The Right To Be Wrong
And the elephant in the New York Times newsroom.
In a Jan. 13, 1920, editorial-page feature, the New York Times ridiculed rocket scientist Robert H. Goddard for believing a rocket could operate in a vacuum. Almost five decades later, the newspaper ate crow with this humorous and self-effacing correction:
Further investigation and experimentation have confirmed the findings of Isaac Newton in the 17th century and it is now definitely established that a rocket can function in a vacuum as well as in an atmosphere. The Times regrets the error.
This degree of self-correction is laudatory in the specific but applied across the board would render daily newspapers unreadable given the half-truths and falsities festering in the compost of back issues. Most readers prefer that journalists collect today's news instead of annotating to the nth degree every ancient mistake or miscue.
Yet some defective news stories moan like tormented spirits and wish for nothing more than to atone for their own errancy. Barton Gellman's Page One story in the Washington Post from Dec. 12, 2002, "U.S. Suspects Al Qaeda Got Nerve Agent From Iraqis; Analysts: Chemical May Be VX, And Was Smuggled Via Turkey," is one such story.
Gellman, whose coverage of the post-invasion search for WMD in Iraq deserves high marks in general, is careful not to overplay his VX/al-Qaida scoop: He doesn't state that al-Qaida received VX or any other nerve agent from the Iraqis and smuggled it through Turkey. His only claim is that the "Bush administration has received a credible report" that such a scheme is in progress. Furthermore, Gellman piles up caveats like cordwood, writing:
If the report proves true, the transaction marks two significant milestones. It would be the first known acquisition of a nonconventional weapon other than cyanide by al Qaeda or a member of its network. …

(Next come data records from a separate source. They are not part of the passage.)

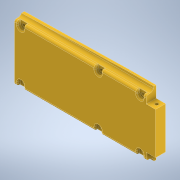
# Autodesk Inventor part: BodyStructure Side
Saved by Autodesk Inventor 2022.2 (Build 262287030, 287C)
## iProperties
Created: 2022-01-14
Part Number: BodyStructure Side
Material: Generic
Document SubType Name: Modeling
Designer: Jochen
Density: 1 g/cm^3
Appearance: Default
Author: Jochen
Autodesk Inventor part; units mm, degrees
ref_plane "YZ Plane" through (0, 0, 0) normal (1, 0, 0) x (0, 1, 0)
ref_plane "XZ Plane" through (0, 0, 0) normal (0, 1, 0) x (-1, 0, 0)
ref_plane "Work Plane1" through (0, 0, 50) normal (0, 0, 1) x (1, 0, 0)
sketch "Sketch1" plane through (0, 0, 50) normal (0, 0, 1) x (1, 0, 0)
  line L0 (0, -20) -> (0, 20)
  line L1 (0, 20) -> (-9, 20)
  line L2 (-9, -31) -> (-32, -31)
  line L3 (-33.565, -30.9847) -> (-135, -29)
  line L4 (-135, -29) -> (-135, 29)
  line L5 (-135, 29) -> (-33.565, 30.9847)
  line L6 (-32, 31) -> (-9, 31)
  line L7 (-9, 31) -> (-9, 20)
  line L8 (-9, -20) -> (0, -20)
  line L9 (0, -68.6) -> (0, 68.6) construction
  line L10 (-166.1569, 0) -> (27.6928, 0) construction
  line L11 (-9, -20) -> (-9, -31)
  arc A0 (-33.565, -30.9847) -> (-32, -31) centre (-32, 49) ccw
  arc A1 (-32, 31) -> (-33.565, 30.9847) centre (-32, -49) ccw
  line L12 (-32, -31) -> (-138.4641, -31) construction
  point P0 (0, 0)
  point P1 (-9, 20)
  point P2 (-32.7825, -30.9962)
  point P3 (-9, -25.5)
  dimension "d2" = 135
  dimension "d3" = 40
  dimension "d4" = 9
  dimension "d6" = 80
  dimension "d7" = 58
  dimension "d8" = 62
  dimension "d9" = 23
  dimension "d71" = 32
  dimension "d72" = 4
  dimension "d73" = 126
  constraints: 22 end point, 5 point on circle, 4 perpendicular, 4 tangent, 3 point on line, 2 centre point, 2 parallel, 1 equal radius, 1 horizontal, 1 midpoint, 1 vertical, 4 other
  measures "d2" distance between parallel lines of L4 L9
  measures "d3" distance of L0.start L0.end
  measures "d4" distance between parallel lines of L9 L11
  measures "d6" radius of A0
  measures "d7" distance of L3.end L4.end
  measures "d8" distance between parallel lines of L6 L2
  measures "d9" distance of L2.start L2.end
  measures "d71" distance from line of L2.end L9
  measures "d72" distance of L12.end L3.end
  measures "d73" distance from line of L4 point (-9, -25.5)
extrude "Extrusion1" add sketch "Sketch1" along normal blind 10
sketch "Sketch2" plane through (0, 0, 50) normal (0, 0, 1) x (1, 0, 0)
  circle A0 centre (-55, -23.5) radius 1.5
  circle A1 centre (-15, -23.5) radius 1.5
  circle A2 centre (-55, 23.5) radius 1.5
  circle A3 centre (-15, 23.5) radius 1.5
  line L0 (-4, -10) -> (-4, 10) construction
  line L1 (-5.5, -10) -> (-5.5, 10)
  line L2 (-2.5, 10) -> (-2.5, -10)
  arc A4 (-5.5, -10) -> (-2.5, -10) centre (-4, -10) ccw
  arc A5 (-2.5, 10) -> (-5.5, 10) centre (-4, 10) ccw
  line L3 (-135, -11) -> (-127, -11)
  line L4 (-125, -9) -> (-125, 9)
  line L5 (-127, 11) -> (-135, 11)
  line L6 (-135, 11) -> (-135, -11)
  arc A6 (-127, -11) -> (-125, -9) centre (-127, -9) ccw
  arc A7 (-125, 9) -> (-127, 11) centre (-127, 9) ccw
  line L7 (0, -20) -> (-9, -20) projected
  line L8 (-9, -20) -> (-9, -31) projected
  line L9 (-9, -31) -> (-32, -31) projected
  arc A8 (-33.565, -30.9847) -> (-32, -31) centre (-32, 49) ccw projected
  line L10 (-33.565, -30.9847) -> (-135, -29) projected
  line L11 (-135, -29) -> (-135, 29) projected
  line L12 (-135, 29) -> (-33.565, 30.9847) projected
  arc A9 (-32, 31) -> (-33.565, 30.9847) centre (-32, -49) ccw projected
  line L13 (-32, 31) -> (-9, 31) projected
  line L14 (-9, 31) -> (-9, 20) projected
  line L15 (-9, 20) -> (0, 20) projected
  line L16 (0, 20) -> (0, -20) projected
  line L17 (0, -20) -> (-9, -20) projected
  line L18 (-9, -20) -> (-9, -31) projected
  line L19 (-9, -31) -> (-32, -31) projected
  line L20 (-32, 31) -> (-9, 31) projected
  line L21 (-9, 31) -> (-9, 20) projected
  line L22 (-9, 20) -> (0, 20) projected
  line L23 (0, 20) -> (0, -20) projected
  line L24 (0, -68.6) -> (0, 68.6) construction
  line L25 (-162, 0) -> (27, 0) construction
  line L26 (-135, 29) -> (-135, -29) construction
  arc A10 (-52, -23.5) -> (-58, -23.5) centre (-55, -23.5) ccw
  arc A11 (-12, -23.5) -> (-18, -23.5) centre (-15, -23.5) ccw
  arc A12 (-58, 23.5) -> (-52, 23.5) centre (-55, 23.5) ccw
  arc A13 (-18, 23.5) -> (-12, 23.5) centre (-15, 23.5) ccw
  line L27 (-7, -19) -> (-7, 19)
  arc A14 (-19.5, 23.5) -> (-15, 19) centre (-15, 23.5) ccw
  line L28 (-19.5, 23.5) -> (-50.5, 23.5)
  line L29 (-54, 19.1125) -> (-54, -19.1125)
  line L30 (-50.5, -23.5) -> (-19.5, -23.5)
  arc A15 (-15, -19) -> (-19.5, -23.5) centre (-15, -23.5) ccw
  line L31 (-15, -19) -> (-7, -19)
  line L32 (-55, -23.5) -> (-55, 23.5) construction
  line L33 (-56, -19.1125) -> (-56, 19.1125)
  arc A16 (-50.5, -23.5) -> (-54, -19.1125) centre (-55, -23.5) ccw
  arc A17 (-89.9137, 21.9371) -> (-89.9137, 21.9371) centre (-89.5655, 22.3741) ccw
  line L34 (-123, 22.3024) -> (-123, -22.2576)
  line L35 (-58, -23.5) -> (-58, -30.5066)
  line L36 (-52, -23.5) -> (-52, -30.624)
  line L37 (-135, -29) -> (-33.565, -30.9847) projected
  line L38 (-18, -23.5) -> (-18, -31)
  line L39 (-12, -23.5) -> (-12, -31)
  line L40 (-12, 23.5) -> (-12, 31)
  line L41 (-9, 31) -> (-32, 31) projected
  line L42 (-18, 23.5) -> (-18, 31)
  line L43 (-52, 23.5) -> (-52, 30.624)
  line L44 (-58, 23.5) -> (-58, 30.5066)
  line L45 (-33.565, 30.9847) -> (-135, 29) projected
  arc A18 (-33.565, -30.9847) -> (-32, -31) centre (-32, 49) ccw projected
  line L46 (-33.565, -30.9847) -> (-135, -29) projected
  line L47 (-135, -29) -> (-135, 29) projected
  line L48 (-135, 29) -> (-33.565, 30.9847) projected
  arc A19 (-32, 31) -> (-33.565, 30.9847) centre (-32, -49) ccw projected
  arc A20 (-49.3875, 23.2839) -> (-49.3875, 23.2839) centre (-49.8289, 22.9413) ccw
  arc A21 (-56, -19.1125) -> (-59.4991, -23.412) centre (-55, -23.5) ccw
  arc A22 (-59.5, 23.5) -> (-56, 19.1125) centre (-55, 23.5) ccw
  arc A23 (-54, 19.1125) -> (-50.5, 23.5) centre (-55, 23.5) ccw
  arc A24 (-9, 19) -> (-9, 19) centre (-9, 20) ccw
  line L49 (-19.5, 23.5) -> (-19.5, 23.5)
  line L50 (-50.5, 23.5) -> (-50.5, 23.5)
  line L51 (-59.5, 23.5) -> (-59.5, 23.5)
  line L52 (-7, 19) -> (-15, 19)
  line L53 (0, 20) -> (-9, 20) projected
  line L54 (-123, -22.2576) -> (-59.5009, -23.5)
  line L55 (-59.5, 23.5) -> (-123, 22.3024)
  line L56 (-59.4991, -23.412) -> (-59.5009, -23.5)
  line L57 (-50.5, -23.5) -> (-50.5, -23.5)
  circle A25 centre (-129, -23.5) radius 1.5
  arc A26 (-126, -23.5) -> (-132, -23.5) centre (-129, -23.5) ccw
  line L58 (-126, -23.5) -> (-126, -29.1761)
  line L59 (-132, -23.5) -> (-132, -29.0587)
  circle A27 centre (-129, 23.5) radius 1.5
  arc A28 (-132, 23.5) -> (-126, 23.5) centre (-129, 23.5) ccw
  line L60 (-126, 23.5) -> (-126, 29.1761)
  line L61 (-132, 23.5) -> (-132, 29.0587)
  line L62 (-15, 23.5) -> (-129, 23.5) construction
  point P0 (0, 0)
  point P1 (-4, 0)
  point P2 (-135, 0)
  point P3 (-54.5017, 19)
  point P4 (-52, -30.624)
  point P5 (-58, 30.5066)
  point P6 (-50.7819, 25.4474)
  point P7 (-132, 29.0587)
  dimension "d12" = 2
  dimension "d13" = 22
  dimension "d14" = 10
  dimension "d15" = 3
  dimension "d16" = 6
  dimension "d17" = 47
  dimension "d18" = 47
  dimension "d20" = 55
  dimension "d21" = 15
  dimension "d22" = 4
  dimension "d23" = 20
  dimension "d24" = 1.5
  dimension "d25" = 3
  dimension "d27" = 1.5
  dimension "d29" = 2
  dimension "d30" = 2
  dimension "d77" = 1.5
  dimension "d91" = 6
  constraints: 76 end point, 38 point on circle, 25 centre point, 23 tangent, 22 point on line, 15 equal radius, 13 vertical, 10 coincident, 9 parallel, 4 perpendicular, 3 equal length, 3 horizontal, 3 midpoint, 2 collinear, 2 symmetric about line, 1 concentric, 5 other
  measures "d12" radius of A6
  measures "d13" distance of L5.end L3.start
  measures "d14" distance between parallel lines of L11 L4
  measures "d15" diameter of A1
  measures "d16" diameter of A11
  measures "d17" distance of A2.centre A0.centre
  measures "d18" distance of A3.centre A1.centre
  measures "d20" distance from line of L16 A0.centre
  measures "d21" distance from line of L24 A1.centre
  measures "d22" distance between parallel lines of L24 L0
  measures "d23" distance of L0.start L0.end
  measures "d24" radius of A4
  measures "d25" distance between parallel lines of L0 L27
  measures "d27" radial gap between concentric circles of A13 A14
  measures "d29" distance between parallel lines of L29 L33
  measures "d30" distance between parallel lines of L34 L4
  measures "d77" radial gap between concentric circles of A23 A12
  measures "d91" distance from line of L47 A25.centre
extrude "Extrusion2" cut sketch "Sketch2" along normal blind 9 contours L1 A5 L2 A4 | L6 L5 A7 L4 A6 L3 | A20 | L52 L27 L31 A15 L30 A16 L29 A23 L28 A14 | A17 | A21 L56 L54 L34 L55 A22 L33 | A25 | A27
sketch "Sketch3" plane through (0, 0, 0) normal (1, 0, 0) x (0, 1, 0)
  line L0 (0, -12.0828) -> (0, 72.4971) construction
  line L1 (-43.4, 0) -> (43.4, 0) construction
  line L2 (-31, 50.5602) -> (-20, 50.5602) construction
  line L3 (-20, 50) -> (-20, 60) construction
  line L4 (-31.0008, 50) -> (-30.9977, 60) construction
  line L5 (20, 50) -> (31, 50) construction
  line L6 (-31, 50) -> (-31, 52.5)
  line L7 (-27, 53.9559) -> (-27, 58)
  line L8 (-31, 52.5) -> (-27, 53.9559)
  line L9 (-25, 60) -> (25, 60)
  line L10 (27, 58) -> (27, 53.9559)
  line L11 (30.9847, 50) -> (20, 50) projected
  line L12 (27, 53.9559) -> (31, 52.5)
  line L13 (31, 50) -> (-31, 50)
  line L14 (31, 52.5) -> (31, 50)
  line L15 (20, 60) -> (20, 50) construction
  line L16 (20, 50) -> (-20, 50) construction
  line L17 (-20, 50) -> (-20, 60) construction
  line L18 (-20, 60) -> (20, 60) construction
  line L19 (20, 60) -> (20, 50) construction
  line L20 (20, 50) -> (-20, 50) construction
  line L21 (-20, 50) -> (-20, 60) construction
  line L22 (-20, 60) -> (20, 60) construction
  line L23 (20, 50) -> (31, 50) construction
  line L24 (31, 50) -> (31, 60) construction
  line L25 (20, 60) -> (31, 60) construction
  line L26 (-20, 50) -> (20, 50) construction
  line L27 (20, 50) -> (20, 60) construction
  line L28 (-20, 60) -> (20, 60) construction
  line L29 (-20, 50) -> (-20, 60) construction
  line L30 (-31, 50) -> (-20, 50) construction
  line L31 (-31, 60) -> (-20, 60) construction
  line L32 (-31, 50) -> (-31, 60) construction
  arc A0 (-25, 60) -> (-27, 58) centre (-25, 58) ccw
  arc A1 (27, 58) -> (25, 60) centre (25, 58) ccw
  line L33 (-31, 50.5) -> (31, 50.5)
  line L34 (-20, 50) -> (-20, 60) projected
  line L35 (20, 50) -> (20, 60) projected
  point P0 (0, 0)
  point P1 (27, 55.9779)
  dimension "d35" = 20
  dimension "d36" = 54
  dimension "d37" = 2.5
  dimension "d38" = 50
  dimension "d65" = 0.5
  constraints: 20 end point, 6 point on line, 4 point on circle, 4 tangent, 2 centre point, 1 coincident, 1 horizontal, 1 midpoint, 1 parallel, 1 perpendicular, 1 vertical, 5 other
  measures "d35" angle of L2 L8
  measures "d36" distance from line of point (27, 55.978) L7
  measures "d37" distance of L2.start L6.end
  measures "d38" distance of L9.end L9.start
  measures "d65" distance between parallel lines of L13 L33
extrude "Extrusion4" cut sketch "Sketch3" against normal through all contours L6 L8 L7 A0 L9 L34 L33 | L34 L9 L35 L33 | L35 L9 A1 L10 L12 L14 L33 keep common part
extrude "Extrusion5" cut sketch "Sketch2" against normal blind 3 from surface at 10 contours A0 | A1 | A2 | A3 | L59 A26 L58 L10 | L12 L60 A28 L61 | L35 A10 L36 L10 | L12 L43 A12 L44 | L38 A11 L39 L9 | L13 L40 A13 L42 | A25 | A27
extrude "Extrusion6" cut sketch "Sketch2" along normal through all contours A0 | A1 | A2 | A3
fillet "Fillet1" radius 1 42 edges at (-18, 26.4142, 59.4142) (-18, 27, 57.5) (-15, 20.5, 60) (-12, 24.25, 60) (-12, 26.4142, 59.4142) (-12, 27, 57.5) (-18, 24.25, 60) (-58, 27, 57.5) (-58, 24.25, 60) (-55, 20.5, 60) (-52, 24.25, 60) (-52, 26.4142, 59.4142) (-52, 27, 57.5) (-58, 26.4142, 59.4142) (-52, -24.25, 60) (-52, -26.4142, 59.4142) (-52, -27, 57.5) (-58, -24.25, 60) (-58, -26.4142, 59.4142) (-58, -27, 57.5) (-55, -20.5, 60) (-12, -24.25, 60) (-12, -26.4142, 59.4142) (-12, -27, 57.5) (-18, -24.25, 60) (-18, -26.4142, 59.4142) (-18, -27, 57.5) (-15, -20.5, 60) (-126, -26.4142, 59.4142) (-126, -27, 57.5) (-129, -20.5, 60) (-132, -24.25, 60) (-132, -26.4142, 59.4142) (-132, -27, 57.5) (-126, -24.25, 60) (-132, 24.25, 60) (-132, 26.4142, 59.4142) (-132, 27, 57.5) (-126, 24.25, 60) (-126, 26.4142, 59.4142) (-126, 27, 57.5) (-129, 20.5, 60)
sketch "Sketch4" plane through (0, 0, 0) normal (0, 1, 0) x (-1, 0, 0)
  line L0 (0, -12) -> (0, 72) construction
  line L1 (10.8, 0) -> (-1.8, 0) construction
  circle A0 centre (4, 55) radius 1.5
  line L2 (5.5, 50.5) -> (5.5, 59) construction
  line L3 (9, 50) -> (0, 50) construction
  line L4 (9, 60) -> (0, 60) construction
  point P0 (0, 0)
  point P1 (5.5, 50)
  point P2 (7, 60)
  dimension "d52" = 3
  dimension "d66" = 5
  constraints: 1 centre point, 1 tangent
  measures "d52" diameter of A0
  measures "d66" distance from line of A0.centre L4
extrude "Extrusion7" cut sketch "Sketch4" along normal through all both and the other way through all
sketch "Sketch5" plane through (0, 0, 0) normal (1, 0, 0) x (0, 1, 0)
  circle A0 centre (15, 55) radius 1.5
  circle A1 centre (-15, 55) radius 1.5
  line L0 (-10, 50) -> (10, 50) projected
  line L1 (0, -12) -> (0, 72) construction
  line L2 (-28, 0) -> (28, 0) construction
  line L3 (-20, 60) -> (20, 60) construction
  point P0 (0, 0)
  dimension "d56" = 3
  dimension "d58" = 30
  dimension "d67" = 5
  constraints: 2 centre point, 1 equal radius, 1 symmetric about line
  measures "d56" diameter of A1
  measures "d58" distance of A0.centre A1.centre
  measures "d67" distance from line of L3 A0.centre
extrude "Extrusion8" cut sketch "Sketch5" along normal blind 10 from surface at -135
fillet "Fillet2" radius 3.5 4 edges at (-72, 27, 53.9559) (-72, -27, 53.9559) (-7, 19, 54.75) (-7, -19, 54.75)
fillet "Fillet2" radius 1 21 edges at (-35, 23.5, 59) (-51.4822, 20.6938, 59) (-54, 0, 59) (-123, 0.0224, 59) (-91.25, 22.9012, 59) (-58.5178, 20.6938, 59) (-18.182, 20.318, 59) (-7, 0, 59) (-11, -19, 59) (-18.182, -20.318, 59) (-35, -23.5, 59) (-51.4822, -20.6938, 59) (-58.4902, -20.6595, 59) (-56, 0, 59) (-54, 19.1125, 54.75) (-56, 19.1125, 54.75) (-56, -19.1125, 54.75) (-54, -19.1125, 54.75) (-50.5, 23.5, 54.75) (-19.5, -23.5, 54.75) (-59.5, 23.5, 54.75)
equation "\"d18\" = d17"
body "Solid1"

Like most intelligence, the reported chemical weapon transfer is not backed by definitive evidence. The intended target is unknown, with U.S. speculation focusing on Europe and the United States. …
An official elsewhere said the message resulted only from an analyst's hypothetical concern. …
Gellman characterizes his multiple sources as "speaking without White House permission" for his story, which means it's not an official leak designed to bolster the Bush administration's position. But 18 months after the Gellman story ran, we can safely assume that the "credible report" was false. No Iraqi VX or nerve agent appears to have been transferred to al-Qaida, and nobody smuggled it through Turkey.
The Iraqis immediately denied the report, although an unnamed senior administration official gave soft confirmation of Gellman's story to the Associated Press at the time. Secretary of Defense Donald Rumsfeld told Good Morning America that the possibility of such a transfer "should come as no surprise to anybody." But the Gellman scoop withered on the vine. Post Ombudsman Michael Getler criticized the piece in his Dec. 22, 2002, column, noting its speculative excesses. But nobody advanced or refuted the story—not even Gellman. His next mention of VX in a news story came more than a year later ("Iraq's Arsenal Was Only on Paper," Jan. 7, 2004), when he noted in a sentence that investigators had determined that Iraq had not resumed production of the compound, as Washington and London had once charged. He did not revisit his VX/al-Qaida report from December 2002.
Absent the perfect judgment that comes with hindsight, Gellman defends having written the VX/al-Qaida story. But shouldn't the Post have filed some sort of follow-up? Gellman offers as a very reasonable excuse: the fact that newspapers don't set aside space to write that "nothing new" has been learned about an important topic. (All facetiousness aside, wouldn't it be great if newspapers had a slot to run "Nothing New" updates for big stories like this?)
But Gellman agrees that at some point, perhaps six to nine months after he wrote his original VX/al-Qaida story (after the WMD search in Iraq came up empty), he should have returned to the subject to write a corrective piece.